«Silenzio complice»

La strage di Garissa in Kenya è solo l’ultimo tassello di un mosaico inquietante. Le dure parole del papa
Kenya

Le testimonianze dei giovani scampati all’eccidio in Kenya, nella città di Garissa, dove più di 150 giovani in maggioranza cristiani sono stati decapitati o finiti con una pallottola nella nuca, dimostra se ce ne fosse ancora bisogno la gravità della situazione in cui versano milioni di cristiani in giro per il mondo: Siria, Iraq, Libia, Somalia, Sudan, Kenya, Nigeria, Pakistan… L’elenco s’allunga giorno dopo giorno.

Contro questa strage continua ieri sera, nel corso della Via Crucis al Colosseo, papa Bergoglio ha usato parole durissime: «La sete del tuo Padre misericordioso – ha detto Francesco – che in te ha voluto abbracciare, perdonare e salvare tutta l'umanità ci fa pensare alla sete dei nostri fratelli perseguitati, decapitati e crocifissi per a loro fede in te, sotto i nostri occhi o spesso con il nostro silenzio complice».

Oggi è Sabato Santo. Il giorno del silenzio per eccellenza, quello in cui Gesù giace nel sepolcro, quello in cui i suoi seguaci si sentono smarriti, abbandonati, increduli. Il loro leader, la loro speranza, la loro certezza è diventato uno qualsiasi, un mortale, togliendo loro ogni speranza e ogni certezza. Il silenzio di Gesù, e quello del Padre denunciato sulla croce dal Cristo, è unico e irripetibile: ha la forza di evocare l’inferno, di scendere nell’abisso, per riportare alla superficie tutta l’umanità. È un silenzio solidale.

La morte del Nazareno in croce, brutale e plateale, è una dimostrazione di forza di gente che non ha capito il suo messaggio d’amore, che anzi a loro fa paura. Il silenzio di Gesù di fronte alle minacce, alle parole di Pilato e alla flagellazione culmina nel silenzio del sepolcro, in cui ogni suo seguace trova la forza della testimonianza suprema. Nel suo cuore, la morte del leader fruttifica. È un silenzio che invita all’impegno.

Sulla croce Gesù grida citando la Scrittura, la Parola di Dio. Non ha nemmeno più parole sue.
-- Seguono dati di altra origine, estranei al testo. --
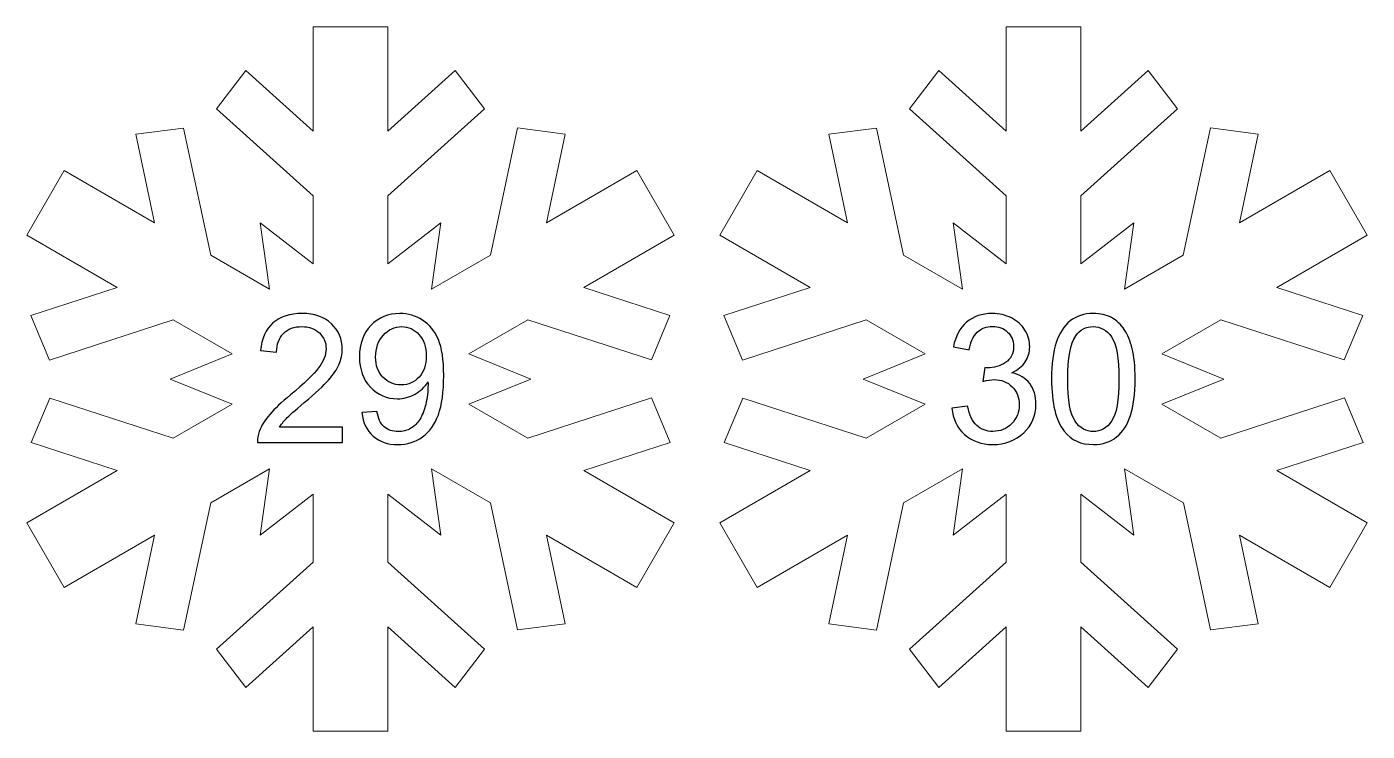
# Model space of a CAD drawing. Header units: centimetres. Extents: x -78 to 86, y -19 to 11.
# Drawn here: x 44.73 to 50.42, y -8.74 to -5.75 of the extents above; entities that cross this region are included whole.
import ezdxf

# ---------------------------------------------------------------- set-up
doc = ezdxf.new("R2010")
doc.units = ezdxf.units.CM
doc.header["$MEASUREMENT"] = 0
doc.layers.add('layer 1', color=7, linetype='Continuous')

msp = doc.modelspace()

# ---------------------------------------------------------------- linework, layer by layer
at = {"layer": 'layer 1', "color": 250, "lineweight": 9}
for points, knots in [([(46.85984, -7.49714), (46.85984, -7.49714), (46.61005, -7.35293), (46.61005, -7.35293), (46.61005, -7.35293), (46.61005, -7.35293), (46.87347, -7.24612), (46.87347, -7.24612), (46.87347, -7.24612), (46.87347, -7.24612), (46.61007, -7.13935), (46.61007, -7.13935), (46.61007, -7.13935), (46.61007, -7.13935), (46.85992, -6.99508), (46.85992, -6.99508), (46.85992, -6.99508), (46.85992, -6.99508), (47.38443, -7.16531), (47.38443, -7.16531), (47.38443, -7.16531), (47.38443, -7.16531), (47.46333, -6.97637), (47.46333, -6.97637), (47.46333, -6.97637), (47.46333, -6.97637), (47.09782, -6.85774), (47.09782, -6.85774), (47.09782, -6.85774), (47.09782, -6.85774), (47.48149, -6.63623), (47.48149, -6.63623), (47.48149, -6.63623), (47.48149, -6.63623), (47.32289, -6.36149), (47.32289, -6.36149), (47.32289, -6.36149), (47.32289, -6.36149), (46.93914, -6.58304), (46.93914, -6.58304), (46.93914, -6.58304), (46.93914, -6.58304), (47.01927, -6.20661), (47.01927, -6.20661), (47.01927, -6.20661), (47.01927, -6.20661), (46.81621, -6.18054), (46.81621, -6.18054), (46.81621, -6.18054), (46.81621, -6.18054), (46.70126, -6.72038), (46.70126, -6.72038), (46.70126, -6.72038), (46.70126, -6.72038), (46.45143, -6.86463), (46.45143, -6.86463), (46.45143, -6.86463), (46.45143, -6.86463), (46.49066, -6.58306), (46.49066, -6.58306), (46.49066, -6.58306), (46.49066, -6.58306), (46.26647, -6.75778), (46.26647, -6.75778), (46.26647, -6.75778), (46.26647, -6.75778), (46.26647, -6.46934), (46.26647, -6.46934), (46.26647, -6.46934), (46.26647, -6.46934), (46.67615, -6.1002), (46.67615, -6.1002), (46.67615, -6.1002), (46.67615, -6.1002), (46.55199, -5.93735), (46.55199, -5.93735), (46.55199, -5.93735), (46.55199, -5.93735), (46.26647, -6.19459), (46.26647, -6.19459), (46.26647, -6.19459), (46.26647, -6.19459), (46.26647, -5.75151), (46.26647, -5.75151), (46.26647, -5.75151), (46.26647, -5.75151), (45.94922, -5.75151), (45.94922, -5.75151), (45.94922, -5.75151), (45.94922, -5.75151), (45.94922, -6.19466), (45.94922, -6.19466), (45.94922, -6.19466), (45.94922, -6.19466), (45.66332, -5.93705), (45.66332, -5.93705), (45.66332, -5.93705), (45.66332, -5.93705), (45.53916, -6.0999), (45.53916, -6.0999), (45.53916, -6.0999), (45.53916, -6.0999), (45.94922, -6.46934), (45.94922, -6.46934), (45.94922, -6.46934), (45.94922, -6.46934), (45.94922, -6.75778), (45.94922, -6.75778), (45.94922, -6.75778), (45.94922, -6.75778), (45.72503, -6.58306), (45.72503, -6.58306), (45.72503, -6.58306), (45.72503, -6.58306), (45.76426, -6.86463), (45.76426, -6.86463), (45.76426, -6.86463), (45.76426, -6.86463), (45.51445, -6.72038), (45.51445, -6.72038), (45.51445, -6.72038), (45.51445, -6.72038), (45.39958, -6.18097), (45.39958, -6.18097), (45.39958, -6.18097), (45.39958, -6.18097), (45.19649, -6.20714), (45.19649, -6.20714), (45.19649, -6.20714), (45.19649, -6.20714), (45.27651, -6.58304), (45.27651, -6.58304), (45.27651, -6.58304), (45.27651, -6.58304), (44.89278, -6.36149), (44.89278, -6.36149), (44.89278, -6.36149), (44.89278, -6.36149), (44.73416, -6.63623), (44.73416, -6.63623), (44.73416, -6.63623), (44.73416, -6.63623), (45.11795, -6.85776), (45.11795, -6.85776), (45.11795, -6.85776), (45.11795, -6.85776), (44.75189, -6.97661), (44.75189, -6.97661), (44.75189, -6.97661), (44.75189, -6.97661), (44.83085, -7.16555), (44.83085, -7.16555), (44.83085, -7.16555), (44.83085, -7.16555), (45.35583, -6.99512), (45.35583, -6.99512), (45.35583, -6.99512), (45.35583, -6.99512), (45.60564, -7.13933), (45.60564, -7.13933), (45.60564, -7.13933), (45.60564, -7.13933), (45.3422, -7.24612), (45.3422, -7.24612), (45.3422, -7.24612), (45.3422, -7.24612), (45.60568, -7.35293), (45.60568, -7.35293), (45.60568, -7.35293), (45.60568, -7.35293), (45.35583, -7.4972), (45.35583, -7.4972), (45.35583, -7.4972), (45.35583, -7.4972), (44.8313, -7.32697), (44.8313, -7.32697), (44.8313, -7.32697), (44.8313, -7.32697), (44.75238, -7.51593), (44.75238, -7.51593), (44.75238, -7.51593), (44.75238, -7.51593), (45.11791, -7.63455), (45.11791, -7.63455), (45.11791, -7.63455), (45.11791, -7.63455), (44.73416, -7.8561), (44.73416, -7.8561), (44.73416, -7.8561), (44.73416, -7.8561), (44.89278, -8.13084), (44.89278, -8.13084), (44.89278, -8.13084), (44.89278, -8.13084), (45.27659, -7.90927), (45.27659, -7.90927), (45.27659, -7.90927), (45.27659, -7.90927), (45.19646, -8.28568), (45.19646, -8.28568), (45.19646, -8.28568), (45.19646, -8.28568), (45.39956, -8.31177), (45.39956, -8.31177), (45.39956, -8.31177), (45.39956, -8.31177), (45.51445, -7.77191), (45.51445, -7.77191), (45.51445, -7.77191), (45.51445, -7.77191), (45.76424, -7.6277), (45.76424, -7.6277), (45.76424, -7.6277), (45.76424, -7.6277), (45.72503, -7.90918), (45.72503, -7.90918), (45.72503, -7.90918), (45.72503, -7.90918), (45.94922, -7.73449), (45.94922, -7.73449), (45.94922, -7.73449), (45.94922, -7.73449), (45.94922, -8.02301), (45.94922, -8.02301), (45.94922, -8.02301), (45.94922, -8.02301), (45.53958, -8.39211), (45.53958, -8.39211), (45.53958, -8.39211), (45.53958, -8.39211), (45.66378, -8.5549), (45.66378, -8.5549), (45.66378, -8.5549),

Il silenzio del sabato, prima della risurrezione, è il silenzio su cui la Parola può scrivere.

Il silenzio complice denunciato da Bergoglio non è solo e non è tanto quello dei cristiani che non alzano la voce in difesa dei loro fratelli di religione; è anche e soprattutto quello dei diplomatici, dei governanti, dei giornalisti, degli opinion maker, di chi sparge semi di guerra ogni giorno, di chi vende armi, di chi sparge tossine di odio rivendicando soldi ed onori dimenticando il bene comune, di chi fa in modo che si associ il nome di “cristiani” a “occidentali”.

Nell’aggettivo “nostro” associato a “silenzio”, papa Bergoglio include tutti coloro – nessuno escluso – che tacciono di fronte all’ingiustizia, ai soprusi, all’abominio dell’assassinio. Nella vita di ogni giorno e nei grandi scenari internazionali.

«Non ci sarà alcun luogo sicuro per voi, finché il Kenya manterrà le truppe in Somalia», ha detto un portavoce degli shebab somali, Sheikh Ali Mohamud Rage a radio Andalus, legata al gruppo jihaidista autore della strage dell’est del Paese africano. Un’affermazione tragica e inquietante, che vuole a tutti i costi legare un’identità religiosa a un problema politico. Il fatto è che i cristiani veri, non quelli falsi che vendono armi o spargono odio politico, vivono nel loro tempo e lo amano. Rischiano per esso, perché inermi, perché miti. Il loro silenzio è fecondo, il nostro silenzio è complice.

Che la risurrezione della Pasqua 2015 porti con sé la Parola feconda che parla sul silenzio altrettanto fecondo dei veri cristiani.